## Work required
Whenever the word "ezdxf" appears in a line of the listing, copy that line.
********************
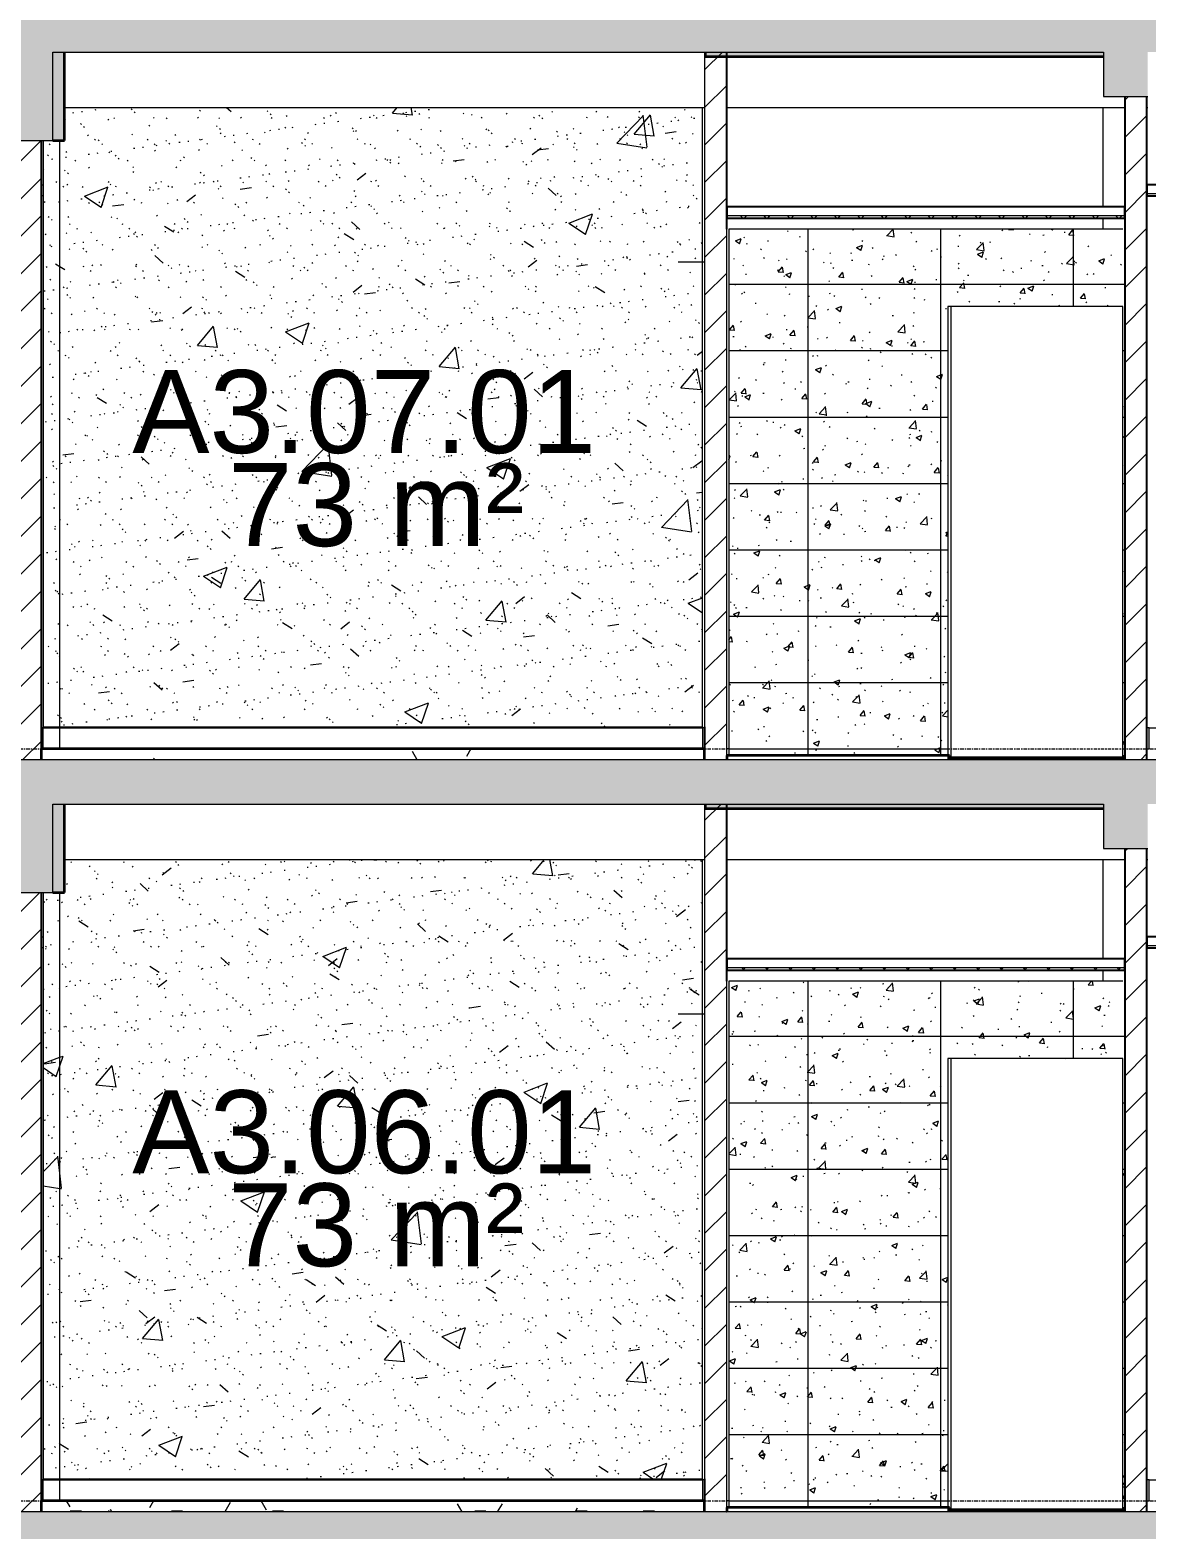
# Model space of a CAD drawing. Header units: millimetres. Extents: x 3451 to 201731, y -8641 to 35300.
# Drawn here: x 138941 to 143991, y 19068 to 25850 of the extents above; entities that cross this region are included whole.
import ezdxf

# ---------------------------------------------------------------- set-up
doc = ezdxf.new("R2010")
doc.units = ezdxf.units.MM
doc.linetypes.add('Centre', pattern=[31.75, 6.35, -4.7625, 15.875, -4.7625])
for name, color, linetype, lineweight in [('0-2', 50, 'Continuous', 5), ('A-AREA-IDEN', 2, 'Continuous', 9), ('A-CLNG', 13, 'Continuous', 9), ('A-CLNG-2', 250, 'Continuous', 25), ('A-CLNG-3', 7, 'Continuous', 9), ('A-CLNG-PATT-2', 9, 'Continuous', 9), ('A-DETL-GENF-1', 7, 'Continuous', 9), ('A-DETL-THIN', 151, 'Continuous', 9), ('A-DOOR', 31, 'Continuous', 9), ('A-DOOR-2', 50, 'Continuous', 18), ('A-FLOR-1', 10, 'Continuous', 35), ('A-FLOR-2', 7, 'Continuous', 9), ('A-FLOR-HRAL', 11, 'Continuous', 9), ('A-FLOR-HRAL-1', 253, 'Continuous', 9), ('A-FLOR-HRAL-2', 53, 'Continuous', 18), ('A-FLOR-LEVL-2', 51, 'Centre', 9), ('A-FLOR-PATT-1', 7, 'Continuous', 9), ('A-FLOR-PATT-4', 67, 'Continuous', 9), ('A-GLAZ-CURT', 52, 'Continuous', 9), ('A-GLAZ-CURT-2', 7, 'Continuous', 9), ('A-GLAZ-CURT-3', 50, 'Continuous', 18), ('A-WALL', 113, 'Continuous', 9), ('A-WALL-1', 113, 'Continuous', 25), ('A-WALL-2', 250, 'Continuous', 25), ('A-WALL-3', 7, 'Continuous', 9), ('A-WALL-PATT-2', 9, 'Continuous', 9), ('A-WALL-PATT-4', 111, 'Continuous', 9), ('I-WALL-1', 7, 'Continuous', 9), ('S-BEAM-1', 12, 'Continuous', 5), ('S-BEAM-2', 10, 'Continuous', 35), ('S-BEAM-3', 7, 'Continuous', 9), ('S-COLS', 52, 'Continuous', 9)]:
    doc.layers.add(name, color=color, linetype=linetype, lineweight=lineweight)
doc.styles.add('Arial_1', font='arial.ttf', dxfattribs={"height": 375})
pattern_1 = [(45, (-51987.05, 14125), (-84.8528, 84.8528), [])]
pattern_2 = [(0, (-51987.05, 14125), (609.6, 152.4), [50.292, -406.908, 50.292, -406.908, -2438.4]), (0, (-51987.05, 14125), (609.6, 152.4), [-914.4, 50.292, -864.108, 50.292, -406.908, -1066.8]), (0, (-51987.05, 14125), (609.6, 152.4), [-2286, 50.292, -254.508, 50.292, -711.708]), (120, (-51758.45, 14201.2), (-436.7823, 451.729), [50.292, -406.908, 50.292, -2845.308]), (120, (-51758.45, 14201.2), (-436.7823, 451.729), [-507.492, -406.908, 50.292, -864.108, -1524]), (120, (-51758.45, 14201.2), (-436.7823, 451.729), [-1828.8, 50.292, -406.908, 50.292, -1016.508]), (120, (-51758.45, 14201.2), (-436.7823, 451.729), [-2336.292, -254.508, 50.292, -711.708]), (240, (-51682.25, 14506), (-172.8177, -604.129), [50.292, -406.908, 50.292, -406.908, -2438.4]), (240, (-51682.25, 14506), (-172.8177, -604.129), [-914.4, 50.292, -864.108, 50.292, -406.908, -1066.8]), (240, (-51682.25, 14506), (-172.8177, -604.129), [-2286, 50.292, -254.508, 50.292, -711.708])]
pattern_3 = [(45, (-51987.05, 14125), (-53.033, 53.033), []), (135, (-51987.05, 14125), (-53.033, -53.033), [])]
pattern_4 = [(50, (-51987.05, 14125), (1093.104, -95.634), [114.3, -1257.3]), (355, (-51987, 14125), (-211.46, 1146.34), [91.44, -1005.84]), (100.451, (-51896, 14117), (881.656, 1050.7), [97.14, -1068.54]), (46.184, (-51987, 14429.8), (1626.47, -252.26), [171.45, -1885.95]), (96.636, (-51851.5, 14408.8), (1424.42, 1484.57), [145.71, -1602.81]), (351.184, (-51987, 14429.8), (1424.43, 1484.55), [137.16, -1508.76]), (21, (-51834.65, 14353.6), (909.686, -613.59), [114.3, -1257.3]), (326, (-51834.7, 14353.6), (370.81, 1105.13), [91.44, -1005.84]), (71.451, (-51758.8, 14302.5), (1280.5, 491.53), [97.14, -1068.54]), (37.5, (-51987.05, 14125), (18.531, 507.33), [50.292, -943.356, 50.292, -970.788, -1009.65]), (37.5, (-51987.05, 14125), (18.531, 507.33), [-2014.73, 50.29, -959.36]), (7.5, (-51987.05, 14125), (400.918, 601.084), [50.292, -531.876, 50.292, -920.496, -384.81]), (7.5, (-51987.05, 14125), (400.918, 601.084), [-1552.956, 50.29, -334.52]), (327.5, (-52326.9, 14125), (813.545, -34.374), [50.292, -330.708, 50.292, -1138.428, -1577.34]), (327.5, (-52326.9, 14125), (813.545, -34.374), [-1569.72, 50.29, -1527.05]), (317.5, (-52479.3, 14125), (888.775, 152.56), [50.29, -445.01, 50.29, -739.14, -1120.14]), (317.5, (-52479.3, 14125), (888.775, 152.56), [-1284.73, 50.29, -1069.85])]
pattern_5 = [(37.5, (-51987.05, 14125), (-4.7995, 146.8239), [5.029, -110.795, 5.029, -124.511, -123.825]), (37.5, (-51987.05, 14125), (-4.7995, 146.8239), [-245.364, 5.029, -118.796]), (7.5, (-51987.05, 14125), (134.8574, 215.0472), [5.029, -57.455, 5.029, -99.365, -40.005]), (7.5, (-51987.05, 14125), (134.8574, 215.0472), [-166.878, 5.029, -34.976]), (327.5, (-52080.78, 14125), (237.2978, 0.4316), [5.029, -33.071, 5.029, -132.131, -179.07]), (327.5, (-52080.78, 14125), (237.2978, 0.4316), [-175.26, 5.029, -174.041]), (317.5, (-52080.78, 14125), (229.067, 66.8792), [5.029, -14.021, 5.029, -84.887, -102.87]), (317.5, (-52080.78, 14125), (229.067, 66.8792), [-108.966, 5.029, -97.841])]
pattern_6 = [(45, (148640.78, 14125), (-84.8528, 84.8528), [])]

# ---------------------------------------------------------------- blocks, each defined once
blk = doc.blocks.new('NCV_TKTC_KET CAU_rvt-2-TKCS_MẶT CẮT D')
at = {"layer": 'A-FLOR-PATT-1'}
h = blk.add_hatch(color=256, dxfattribs=at)
h.paths.add_polyline_path([(-58634.9, 25730), (-56833.3, 25730), (-56833.3, 25750), (-58634.9, 25750)])
h.paths.add_polyline_path([(-66835.3, 25730), (-65032.3, 25730), (-65032.3, 25750), (-66835.3, 25750)])
h.paths.add_polyline_path([(-53357.9, 25730), (-51661.9, 25730), (-51661.9, 25750), (-53357.9, 25750), (-53357.9, 25730.4)])
h.paths.add_polyline_path([(-24866.9, 25730), (-24836.9, 25730), (-24836.9, 25750), (-28836.9, 25750), (-28836.9, 25730), (-25163.7, 25730)])
h.paths.add_polyline_path([(-37938.6, 25730), (-35537.4, 25730), (-35537.4, 25750), (-37938.6, 25750)])
h = blk.add_hatch(color=256, dxfattribs=at)
h.paths.add_polyline_path([(-37572.1, 22330), (-35537.4, 22330), (-35537.4, 22350), (-37938.6, 22350), (-37938.6, 22330)])
h.paths.add_polyline_path([(-66835.3, 22330), (-65032.3, 22330), (-65032.3, 22350), (-66835.3, 22350)])
h.paths.add_polyline_path([(-24866.9, 22330), (-24836.9, 22330), (-24836.9, 22350), (-28836.9, 22350), (-28836.9, 22330), (-25163.7, 22330)])
h.paths.add_polyline_path([(-58634.9, 22330), (-56833.3, 22330), (-56833.3, 22350), (-58634.9, 22350)])
h.paths.add_polyline_path([(-53357.9, 22330), (-51661.9, 22330), (-51661.9, 22350), (-53357.9, 22350), (-53357.9, 22330.4)])
at = {"layer": 'S-BEAM-1'}
h = blk.add_hatch(color=256, dxfattribs=at)
h.paths.add_polyline_path([(-61931.4, 25350), (-61883.2, 25350), (-61883.2, 25750), (-61931.4, 25750), (-61931.4, 25743.1)])
h.paths.add_polyline_path([(-61531.4, 25350), (-61531.4, 25750), (-61583.2, 25750), (-61583.2, 25350)])
h = blk.add_hatch(color=256, dxfattribs=at)
h.paths.add_polyline_path([(-61931.4, 21950), (-61883.2, 21950), (-61883.2, 22350), (-61931.4, 22350), (-61931.4, 22177.4)])
h.paths.add_polyline_path([(-61583.2, 21950), (-61531.4, 21950), (-61531.4, 22350), (-61583.2, 22350), (-61583.2, 22343.8)])
at = {"layer": 'A-FLOR-1'}
for p, q in [((-58634.9, 25750), (-58634.9, 25730)), ((-58634.9, 25730), (-56833.3, 25730)), ((-58634.9, 22350), (-58634.9, 22330)), ((-58634.9, 22330), (-56833.3, 22330))]:
    blk.add_line(p, q, dxfattribs=at)
at = {"layer": 'S-BEAM-2'}
for p, q in [((-61531.4, 25350), (-61531.4, 25750)), ((-61583.2, 25350), (-61531.4, 25350)), ((-61531.4, 21950), (-61531.4, 22350)), ((-61583.2, 21950), (-61531.4, 21950))]:
    blk.add_line(p, q, dxfattribs=at)
at = {"layer": 'S-BEAM-3'}
for p, q in [((-61531.4, 25500), (-58636.9, 25500)), ((-58536.9, 25500), (-56736.9, 25500)), ((-56636.9, 25500), (-56633.3, 25500)), ((-61531.4, 22100), (-58636.9, 22100)), ((-58536.9, 22100), (-56736.9, 22100)), ((-56636.9, 22100), (-56633.3, 22100))]:
    blk.add_line(p, q, dxfattribs=at)
blk = doc.blocks.new('DOOR_CW_01 CANH MO-PANEL KINH - DIG_02-800x2200-CỬA NHÔM KÍNH-400864-TKCS_MẶT CẮT D')
at = {"layer": 'A-DOOR-2'}
blk.add_line((-37936.9, 7800), (-38056.9, 7800), dxfattribs=at)
blk = doc.blocks.new('System Panel - Glazed-647900-TKCS_MẶT CẮT D')
at = {"layer": 'A-GLAZ-CURT-2'}
for p, q in [((-56746.9, 7600), (-57187.4, 7600)), ((-56746.9, 5560), (-56746.9, 7600))]:
    blk.add_line(p, q, dxfattribs=at)
blk = doc.blocks.new('System Panel - Glazed-579379-TKCS_MẶT CẮT D')
at = {"layer": 'A-GLAZ-CURT-2'}
blk.add_line((-57186, 7600), (-57522.4, 7600), dxfattribs=at)
at = {"layer": 'A-GLAZ-CURT-3'}
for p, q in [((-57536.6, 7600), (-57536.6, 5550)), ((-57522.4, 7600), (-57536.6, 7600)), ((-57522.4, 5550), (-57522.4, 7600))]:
********************
## Solution to this problem
import ezdxf
doc = ezdxf.new("R2010")
doc.units = ezdxf.units.MM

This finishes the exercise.